Data items:
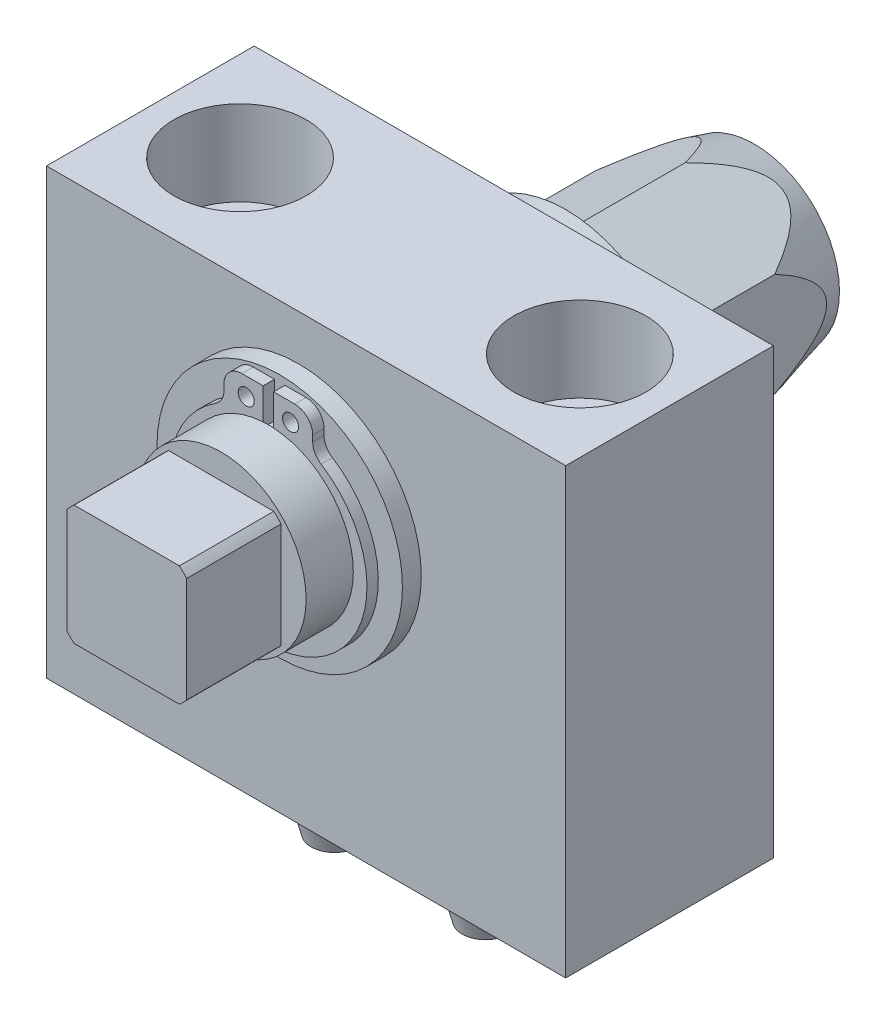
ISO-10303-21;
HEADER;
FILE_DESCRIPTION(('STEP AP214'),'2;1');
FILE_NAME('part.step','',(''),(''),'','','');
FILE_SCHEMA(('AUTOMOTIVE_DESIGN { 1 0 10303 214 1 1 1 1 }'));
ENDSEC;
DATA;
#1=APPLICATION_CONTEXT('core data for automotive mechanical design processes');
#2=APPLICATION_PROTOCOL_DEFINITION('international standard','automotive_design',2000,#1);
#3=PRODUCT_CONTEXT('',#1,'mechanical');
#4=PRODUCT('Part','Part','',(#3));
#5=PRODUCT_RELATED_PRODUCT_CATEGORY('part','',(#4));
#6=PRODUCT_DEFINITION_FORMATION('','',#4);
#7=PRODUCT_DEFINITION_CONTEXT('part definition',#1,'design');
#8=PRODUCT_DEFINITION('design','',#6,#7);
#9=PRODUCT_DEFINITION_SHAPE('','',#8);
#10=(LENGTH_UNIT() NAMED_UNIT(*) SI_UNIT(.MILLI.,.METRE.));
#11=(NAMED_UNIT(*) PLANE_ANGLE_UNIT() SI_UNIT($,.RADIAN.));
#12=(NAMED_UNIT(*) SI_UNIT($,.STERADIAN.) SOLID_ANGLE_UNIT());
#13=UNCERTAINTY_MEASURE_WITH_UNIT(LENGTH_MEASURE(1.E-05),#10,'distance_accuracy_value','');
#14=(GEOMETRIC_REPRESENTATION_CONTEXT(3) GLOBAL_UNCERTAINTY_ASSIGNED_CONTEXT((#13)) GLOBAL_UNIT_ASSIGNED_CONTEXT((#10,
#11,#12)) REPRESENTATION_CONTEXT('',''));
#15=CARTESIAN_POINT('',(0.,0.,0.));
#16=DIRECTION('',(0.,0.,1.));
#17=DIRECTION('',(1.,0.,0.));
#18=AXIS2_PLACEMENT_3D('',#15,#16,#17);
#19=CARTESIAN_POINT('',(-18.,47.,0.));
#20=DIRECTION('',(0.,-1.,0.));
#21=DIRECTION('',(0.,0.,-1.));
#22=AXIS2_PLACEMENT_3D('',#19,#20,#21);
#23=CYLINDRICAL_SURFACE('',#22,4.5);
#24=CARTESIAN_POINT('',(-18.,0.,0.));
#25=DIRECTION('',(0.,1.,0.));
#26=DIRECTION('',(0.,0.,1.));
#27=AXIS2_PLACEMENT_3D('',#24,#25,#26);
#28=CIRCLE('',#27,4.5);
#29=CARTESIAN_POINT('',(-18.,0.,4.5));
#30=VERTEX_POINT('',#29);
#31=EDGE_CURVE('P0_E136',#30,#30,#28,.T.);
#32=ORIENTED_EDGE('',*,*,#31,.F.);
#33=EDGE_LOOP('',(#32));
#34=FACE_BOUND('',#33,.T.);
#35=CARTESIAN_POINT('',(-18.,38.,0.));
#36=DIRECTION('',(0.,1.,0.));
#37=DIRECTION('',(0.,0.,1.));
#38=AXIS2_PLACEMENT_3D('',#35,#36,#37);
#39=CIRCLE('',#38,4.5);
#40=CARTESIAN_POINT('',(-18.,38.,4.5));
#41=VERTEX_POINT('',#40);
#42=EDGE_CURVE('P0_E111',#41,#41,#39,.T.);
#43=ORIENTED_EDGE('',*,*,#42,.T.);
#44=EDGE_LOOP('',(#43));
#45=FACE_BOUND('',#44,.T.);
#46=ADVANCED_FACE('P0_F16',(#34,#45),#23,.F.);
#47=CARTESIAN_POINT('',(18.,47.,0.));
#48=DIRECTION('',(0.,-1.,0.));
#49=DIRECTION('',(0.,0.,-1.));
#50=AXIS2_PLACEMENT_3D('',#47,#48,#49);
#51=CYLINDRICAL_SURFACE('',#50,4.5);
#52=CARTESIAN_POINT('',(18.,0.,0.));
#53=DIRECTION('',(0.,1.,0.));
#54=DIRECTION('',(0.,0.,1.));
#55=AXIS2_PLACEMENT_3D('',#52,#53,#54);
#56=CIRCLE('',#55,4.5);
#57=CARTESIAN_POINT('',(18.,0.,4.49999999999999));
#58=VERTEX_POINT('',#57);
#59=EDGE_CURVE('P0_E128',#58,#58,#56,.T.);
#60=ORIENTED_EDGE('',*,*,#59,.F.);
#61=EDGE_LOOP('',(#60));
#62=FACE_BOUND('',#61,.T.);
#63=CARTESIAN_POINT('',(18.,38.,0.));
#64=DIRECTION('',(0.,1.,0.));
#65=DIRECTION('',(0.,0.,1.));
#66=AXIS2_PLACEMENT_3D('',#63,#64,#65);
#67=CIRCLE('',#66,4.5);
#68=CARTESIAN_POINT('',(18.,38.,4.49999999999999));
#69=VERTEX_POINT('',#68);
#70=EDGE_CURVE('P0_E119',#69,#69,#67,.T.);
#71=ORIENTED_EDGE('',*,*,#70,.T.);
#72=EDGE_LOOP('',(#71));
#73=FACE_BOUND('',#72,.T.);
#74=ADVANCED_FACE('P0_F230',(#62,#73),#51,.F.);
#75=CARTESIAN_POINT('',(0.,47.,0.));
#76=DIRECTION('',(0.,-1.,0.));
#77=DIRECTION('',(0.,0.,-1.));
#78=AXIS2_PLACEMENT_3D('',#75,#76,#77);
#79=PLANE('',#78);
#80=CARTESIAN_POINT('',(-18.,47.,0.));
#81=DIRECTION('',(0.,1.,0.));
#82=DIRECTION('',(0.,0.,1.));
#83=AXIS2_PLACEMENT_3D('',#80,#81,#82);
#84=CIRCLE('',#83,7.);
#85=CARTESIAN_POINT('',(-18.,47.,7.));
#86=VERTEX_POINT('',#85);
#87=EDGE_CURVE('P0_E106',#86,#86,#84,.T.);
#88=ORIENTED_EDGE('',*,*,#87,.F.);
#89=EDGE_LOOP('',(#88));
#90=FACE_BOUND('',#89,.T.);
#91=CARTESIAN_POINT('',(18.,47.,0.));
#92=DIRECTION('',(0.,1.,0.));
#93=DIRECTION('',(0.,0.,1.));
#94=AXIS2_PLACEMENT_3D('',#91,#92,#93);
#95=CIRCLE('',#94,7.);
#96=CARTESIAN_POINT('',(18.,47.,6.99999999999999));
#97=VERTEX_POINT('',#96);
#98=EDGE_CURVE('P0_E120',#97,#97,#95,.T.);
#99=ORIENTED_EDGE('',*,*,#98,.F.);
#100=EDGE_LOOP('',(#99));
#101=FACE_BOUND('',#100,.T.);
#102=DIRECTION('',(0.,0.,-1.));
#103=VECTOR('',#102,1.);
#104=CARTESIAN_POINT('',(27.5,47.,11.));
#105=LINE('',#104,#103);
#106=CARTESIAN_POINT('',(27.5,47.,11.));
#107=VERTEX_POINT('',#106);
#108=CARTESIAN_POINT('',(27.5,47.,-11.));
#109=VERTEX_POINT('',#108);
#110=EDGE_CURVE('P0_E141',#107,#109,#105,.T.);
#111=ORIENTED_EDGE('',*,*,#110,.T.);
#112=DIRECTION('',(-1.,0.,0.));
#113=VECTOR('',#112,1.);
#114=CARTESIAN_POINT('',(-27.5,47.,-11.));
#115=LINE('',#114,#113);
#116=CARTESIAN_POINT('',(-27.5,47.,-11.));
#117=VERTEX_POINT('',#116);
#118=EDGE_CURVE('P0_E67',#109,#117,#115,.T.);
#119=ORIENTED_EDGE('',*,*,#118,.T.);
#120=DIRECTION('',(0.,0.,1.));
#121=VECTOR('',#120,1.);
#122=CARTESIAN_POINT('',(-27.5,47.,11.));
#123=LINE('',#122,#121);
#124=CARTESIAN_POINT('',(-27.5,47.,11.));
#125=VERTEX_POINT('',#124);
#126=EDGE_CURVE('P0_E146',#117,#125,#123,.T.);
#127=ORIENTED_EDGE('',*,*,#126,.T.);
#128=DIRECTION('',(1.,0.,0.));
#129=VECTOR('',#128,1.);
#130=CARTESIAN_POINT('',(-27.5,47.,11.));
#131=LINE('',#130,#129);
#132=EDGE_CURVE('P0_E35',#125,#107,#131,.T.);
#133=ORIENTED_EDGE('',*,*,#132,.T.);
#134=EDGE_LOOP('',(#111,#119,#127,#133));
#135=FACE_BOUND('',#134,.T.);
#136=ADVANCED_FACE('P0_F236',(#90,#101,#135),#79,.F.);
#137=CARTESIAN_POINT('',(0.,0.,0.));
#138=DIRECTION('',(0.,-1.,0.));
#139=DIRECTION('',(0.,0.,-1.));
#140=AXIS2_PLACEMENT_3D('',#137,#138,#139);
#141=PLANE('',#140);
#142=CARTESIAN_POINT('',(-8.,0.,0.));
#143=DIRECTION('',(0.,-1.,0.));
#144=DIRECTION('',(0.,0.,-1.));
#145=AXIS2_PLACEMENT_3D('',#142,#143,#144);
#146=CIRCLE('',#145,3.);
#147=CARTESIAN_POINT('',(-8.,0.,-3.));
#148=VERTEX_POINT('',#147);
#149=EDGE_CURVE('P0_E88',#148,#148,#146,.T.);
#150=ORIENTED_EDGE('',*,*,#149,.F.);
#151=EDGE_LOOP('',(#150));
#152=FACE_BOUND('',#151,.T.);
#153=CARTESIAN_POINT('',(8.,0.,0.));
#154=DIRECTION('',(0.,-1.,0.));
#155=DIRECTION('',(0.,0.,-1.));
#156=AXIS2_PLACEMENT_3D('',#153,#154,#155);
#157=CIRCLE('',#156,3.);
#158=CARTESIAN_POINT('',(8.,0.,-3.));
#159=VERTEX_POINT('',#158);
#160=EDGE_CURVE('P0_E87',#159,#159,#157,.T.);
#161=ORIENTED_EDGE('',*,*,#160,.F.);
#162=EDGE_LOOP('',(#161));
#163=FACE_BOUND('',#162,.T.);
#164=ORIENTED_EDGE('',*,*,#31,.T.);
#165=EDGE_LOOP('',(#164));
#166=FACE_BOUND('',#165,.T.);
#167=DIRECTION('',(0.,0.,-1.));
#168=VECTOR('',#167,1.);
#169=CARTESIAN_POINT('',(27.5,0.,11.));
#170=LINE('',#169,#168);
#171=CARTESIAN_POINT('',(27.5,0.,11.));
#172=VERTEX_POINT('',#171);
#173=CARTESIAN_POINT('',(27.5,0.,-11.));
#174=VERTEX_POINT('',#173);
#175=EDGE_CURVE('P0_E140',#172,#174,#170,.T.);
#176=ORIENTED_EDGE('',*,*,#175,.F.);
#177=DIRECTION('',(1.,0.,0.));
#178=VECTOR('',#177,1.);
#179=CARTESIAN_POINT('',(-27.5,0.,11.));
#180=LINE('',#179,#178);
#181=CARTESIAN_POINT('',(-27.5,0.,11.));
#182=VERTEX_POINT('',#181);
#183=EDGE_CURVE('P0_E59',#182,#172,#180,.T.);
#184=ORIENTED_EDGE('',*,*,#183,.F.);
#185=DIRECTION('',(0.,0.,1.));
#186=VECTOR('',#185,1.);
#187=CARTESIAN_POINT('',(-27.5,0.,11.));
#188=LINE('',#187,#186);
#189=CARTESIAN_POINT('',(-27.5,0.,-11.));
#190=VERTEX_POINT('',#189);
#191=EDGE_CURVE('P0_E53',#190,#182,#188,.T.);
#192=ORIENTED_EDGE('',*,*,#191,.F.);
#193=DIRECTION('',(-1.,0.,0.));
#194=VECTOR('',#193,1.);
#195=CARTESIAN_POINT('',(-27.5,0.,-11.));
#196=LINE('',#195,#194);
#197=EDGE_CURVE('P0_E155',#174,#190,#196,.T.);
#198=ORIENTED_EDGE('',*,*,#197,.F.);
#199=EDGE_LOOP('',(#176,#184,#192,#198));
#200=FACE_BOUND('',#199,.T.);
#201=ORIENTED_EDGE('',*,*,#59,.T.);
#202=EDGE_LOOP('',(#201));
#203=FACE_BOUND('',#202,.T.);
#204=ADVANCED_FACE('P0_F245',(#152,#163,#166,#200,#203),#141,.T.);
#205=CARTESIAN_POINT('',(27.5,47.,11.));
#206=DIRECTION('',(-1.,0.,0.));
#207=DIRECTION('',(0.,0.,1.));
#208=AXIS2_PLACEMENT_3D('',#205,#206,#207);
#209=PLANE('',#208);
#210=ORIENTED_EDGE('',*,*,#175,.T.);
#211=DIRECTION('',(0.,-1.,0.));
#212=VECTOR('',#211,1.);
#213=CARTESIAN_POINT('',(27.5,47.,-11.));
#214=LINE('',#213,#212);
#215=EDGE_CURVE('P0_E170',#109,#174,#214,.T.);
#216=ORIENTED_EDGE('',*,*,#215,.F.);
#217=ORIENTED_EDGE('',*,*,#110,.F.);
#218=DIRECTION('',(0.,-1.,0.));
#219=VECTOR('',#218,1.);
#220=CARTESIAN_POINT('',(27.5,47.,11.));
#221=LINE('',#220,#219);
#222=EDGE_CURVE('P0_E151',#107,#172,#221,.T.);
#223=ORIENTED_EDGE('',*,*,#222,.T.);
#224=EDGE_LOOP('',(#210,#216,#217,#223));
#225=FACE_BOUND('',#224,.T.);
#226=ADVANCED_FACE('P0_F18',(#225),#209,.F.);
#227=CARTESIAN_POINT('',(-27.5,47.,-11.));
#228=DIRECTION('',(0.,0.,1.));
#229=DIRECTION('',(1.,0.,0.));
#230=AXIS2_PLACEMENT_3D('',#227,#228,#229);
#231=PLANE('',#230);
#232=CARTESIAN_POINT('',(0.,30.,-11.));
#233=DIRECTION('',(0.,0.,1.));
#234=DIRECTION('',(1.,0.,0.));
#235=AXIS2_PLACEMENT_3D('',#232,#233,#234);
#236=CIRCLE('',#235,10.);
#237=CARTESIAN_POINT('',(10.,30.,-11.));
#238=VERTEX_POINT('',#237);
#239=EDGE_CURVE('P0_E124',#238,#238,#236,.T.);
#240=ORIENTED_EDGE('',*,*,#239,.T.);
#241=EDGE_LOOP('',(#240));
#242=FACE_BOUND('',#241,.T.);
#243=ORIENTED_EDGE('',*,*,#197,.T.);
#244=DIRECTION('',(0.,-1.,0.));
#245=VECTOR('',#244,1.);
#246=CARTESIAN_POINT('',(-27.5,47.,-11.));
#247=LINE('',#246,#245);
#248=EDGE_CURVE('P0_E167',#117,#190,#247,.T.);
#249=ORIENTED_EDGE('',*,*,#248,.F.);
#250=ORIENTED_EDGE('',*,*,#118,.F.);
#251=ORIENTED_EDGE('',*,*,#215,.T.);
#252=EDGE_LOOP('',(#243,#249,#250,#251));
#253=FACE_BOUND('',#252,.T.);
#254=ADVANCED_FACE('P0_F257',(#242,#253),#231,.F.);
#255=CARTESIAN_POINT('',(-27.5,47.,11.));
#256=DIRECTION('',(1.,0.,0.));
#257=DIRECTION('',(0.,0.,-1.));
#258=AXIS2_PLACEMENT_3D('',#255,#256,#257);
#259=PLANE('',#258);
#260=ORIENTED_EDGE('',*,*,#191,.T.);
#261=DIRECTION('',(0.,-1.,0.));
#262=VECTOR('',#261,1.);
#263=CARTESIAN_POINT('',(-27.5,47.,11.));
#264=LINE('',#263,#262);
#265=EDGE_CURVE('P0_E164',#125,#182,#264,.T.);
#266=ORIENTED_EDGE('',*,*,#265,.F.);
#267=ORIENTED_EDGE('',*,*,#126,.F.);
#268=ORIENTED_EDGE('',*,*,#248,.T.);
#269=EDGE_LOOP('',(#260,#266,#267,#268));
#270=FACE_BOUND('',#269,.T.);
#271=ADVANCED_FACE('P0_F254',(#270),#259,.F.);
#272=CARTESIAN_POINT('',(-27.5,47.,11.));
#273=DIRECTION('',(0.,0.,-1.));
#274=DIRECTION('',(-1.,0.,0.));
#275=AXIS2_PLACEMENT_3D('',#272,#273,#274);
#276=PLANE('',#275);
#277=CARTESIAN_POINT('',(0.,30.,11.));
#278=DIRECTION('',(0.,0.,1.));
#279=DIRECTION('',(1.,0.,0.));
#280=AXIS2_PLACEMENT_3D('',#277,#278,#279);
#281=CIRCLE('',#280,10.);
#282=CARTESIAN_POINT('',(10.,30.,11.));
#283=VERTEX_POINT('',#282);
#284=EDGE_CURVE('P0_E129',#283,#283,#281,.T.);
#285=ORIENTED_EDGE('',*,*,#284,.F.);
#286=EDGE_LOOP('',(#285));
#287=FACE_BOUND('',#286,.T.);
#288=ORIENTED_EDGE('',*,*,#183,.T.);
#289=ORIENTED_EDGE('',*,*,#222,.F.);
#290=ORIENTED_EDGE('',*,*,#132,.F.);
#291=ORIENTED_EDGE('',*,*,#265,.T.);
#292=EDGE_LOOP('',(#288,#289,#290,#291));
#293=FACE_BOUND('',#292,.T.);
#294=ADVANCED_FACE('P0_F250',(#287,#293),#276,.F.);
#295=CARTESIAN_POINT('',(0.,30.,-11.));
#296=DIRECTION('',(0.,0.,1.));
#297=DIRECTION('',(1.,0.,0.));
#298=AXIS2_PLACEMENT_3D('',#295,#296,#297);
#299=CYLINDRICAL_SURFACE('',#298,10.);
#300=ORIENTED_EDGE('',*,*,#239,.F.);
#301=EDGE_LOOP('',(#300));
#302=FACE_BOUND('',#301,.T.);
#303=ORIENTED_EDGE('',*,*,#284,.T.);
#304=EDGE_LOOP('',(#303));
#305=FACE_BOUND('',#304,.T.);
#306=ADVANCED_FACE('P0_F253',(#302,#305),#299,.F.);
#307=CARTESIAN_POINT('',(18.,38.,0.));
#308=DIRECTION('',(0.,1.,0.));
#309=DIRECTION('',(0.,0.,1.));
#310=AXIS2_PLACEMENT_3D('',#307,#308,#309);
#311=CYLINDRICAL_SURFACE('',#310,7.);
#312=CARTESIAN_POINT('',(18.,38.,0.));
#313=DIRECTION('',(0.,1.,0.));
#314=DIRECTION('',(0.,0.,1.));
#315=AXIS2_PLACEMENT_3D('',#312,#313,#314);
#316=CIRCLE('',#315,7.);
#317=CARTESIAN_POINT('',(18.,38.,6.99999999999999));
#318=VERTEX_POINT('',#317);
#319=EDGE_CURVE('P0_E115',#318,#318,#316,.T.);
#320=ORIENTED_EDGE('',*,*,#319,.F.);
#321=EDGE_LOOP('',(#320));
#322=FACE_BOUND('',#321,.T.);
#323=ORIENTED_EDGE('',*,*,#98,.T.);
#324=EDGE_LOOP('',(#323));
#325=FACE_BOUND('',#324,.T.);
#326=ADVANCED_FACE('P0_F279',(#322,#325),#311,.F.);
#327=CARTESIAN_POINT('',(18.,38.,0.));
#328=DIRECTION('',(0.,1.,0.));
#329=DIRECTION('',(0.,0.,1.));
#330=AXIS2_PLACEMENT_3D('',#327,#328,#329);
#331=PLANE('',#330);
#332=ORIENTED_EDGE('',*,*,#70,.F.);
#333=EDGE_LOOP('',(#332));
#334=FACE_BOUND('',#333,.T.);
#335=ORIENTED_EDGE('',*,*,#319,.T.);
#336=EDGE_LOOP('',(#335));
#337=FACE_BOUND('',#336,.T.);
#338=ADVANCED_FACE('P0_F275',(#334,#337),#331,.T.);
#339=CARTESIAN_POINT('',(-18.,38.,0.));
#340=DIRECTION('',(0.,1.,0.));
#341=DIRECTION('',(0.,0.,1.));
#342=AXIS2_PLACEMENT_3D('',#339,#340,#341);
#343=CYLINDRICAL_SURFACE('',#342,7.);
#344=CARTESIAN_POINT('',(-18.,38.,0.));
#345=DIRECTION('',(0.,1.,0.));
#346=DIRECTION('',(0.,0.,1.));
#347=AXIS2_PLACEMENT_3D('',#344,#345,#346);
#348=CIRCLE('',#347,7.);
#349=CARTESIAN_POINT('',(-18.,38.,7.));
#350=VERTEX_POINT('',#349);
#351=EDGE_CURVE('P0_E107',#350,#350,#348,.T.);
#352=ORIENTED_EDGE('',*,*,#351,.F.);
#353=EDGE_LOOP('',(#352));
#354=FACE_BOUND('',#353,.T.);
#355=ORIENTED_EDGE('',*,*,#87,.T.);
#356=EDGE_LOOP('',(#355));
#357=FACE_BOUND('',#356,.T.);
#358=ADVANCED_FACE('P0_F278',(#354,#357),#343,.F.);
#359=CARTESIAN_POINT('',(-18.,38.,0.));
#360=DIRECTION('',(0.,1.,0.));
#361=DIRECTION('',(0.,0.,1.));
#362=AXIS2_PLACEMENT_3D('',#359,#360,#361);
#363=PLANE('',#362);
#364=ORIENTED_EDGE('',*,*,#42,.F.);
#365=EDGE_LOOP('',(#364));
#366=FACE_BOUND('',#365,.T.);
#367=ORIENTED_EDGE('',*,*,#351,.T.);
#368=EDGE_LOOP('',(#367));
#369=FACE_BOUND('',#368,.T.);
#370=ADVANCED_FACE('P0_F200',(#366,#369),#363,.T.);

(Your objective) Return only the part of the records above that opens with the line containing "#168=VECTOR('',#167,1.);" and closes with the line containing "#180=LINE('',#179,#178);", ends included.

(Solution for this task)
#168=VECTOR('',#167,1.);
#169=CARTESIAN_POINT('',(27.5,0.,11.));
#170=LINE('',#169,#168);
#171=CARTESIAN_POINT('',(27.5,0.,11.));
#172=VERTEX_POINT('',#171);
#173=CARTESIAN_POINT('',(27.5,0.,-11.));
#174=VERTEX_POINT('',#173);
#175=EDGE_CURVE('P0_E140',#172,#174,#170,.T.);
#176=ORIENTED_EDGE('',*,*,#175,.F.);
#177=DIRECTION('',(1.,0.,0.));
#178=VECTOR('',#177,1.);
#179=CARTESIAN_POINT('',(-27.5,0.,11.));
#180=LINE('',#179,#178);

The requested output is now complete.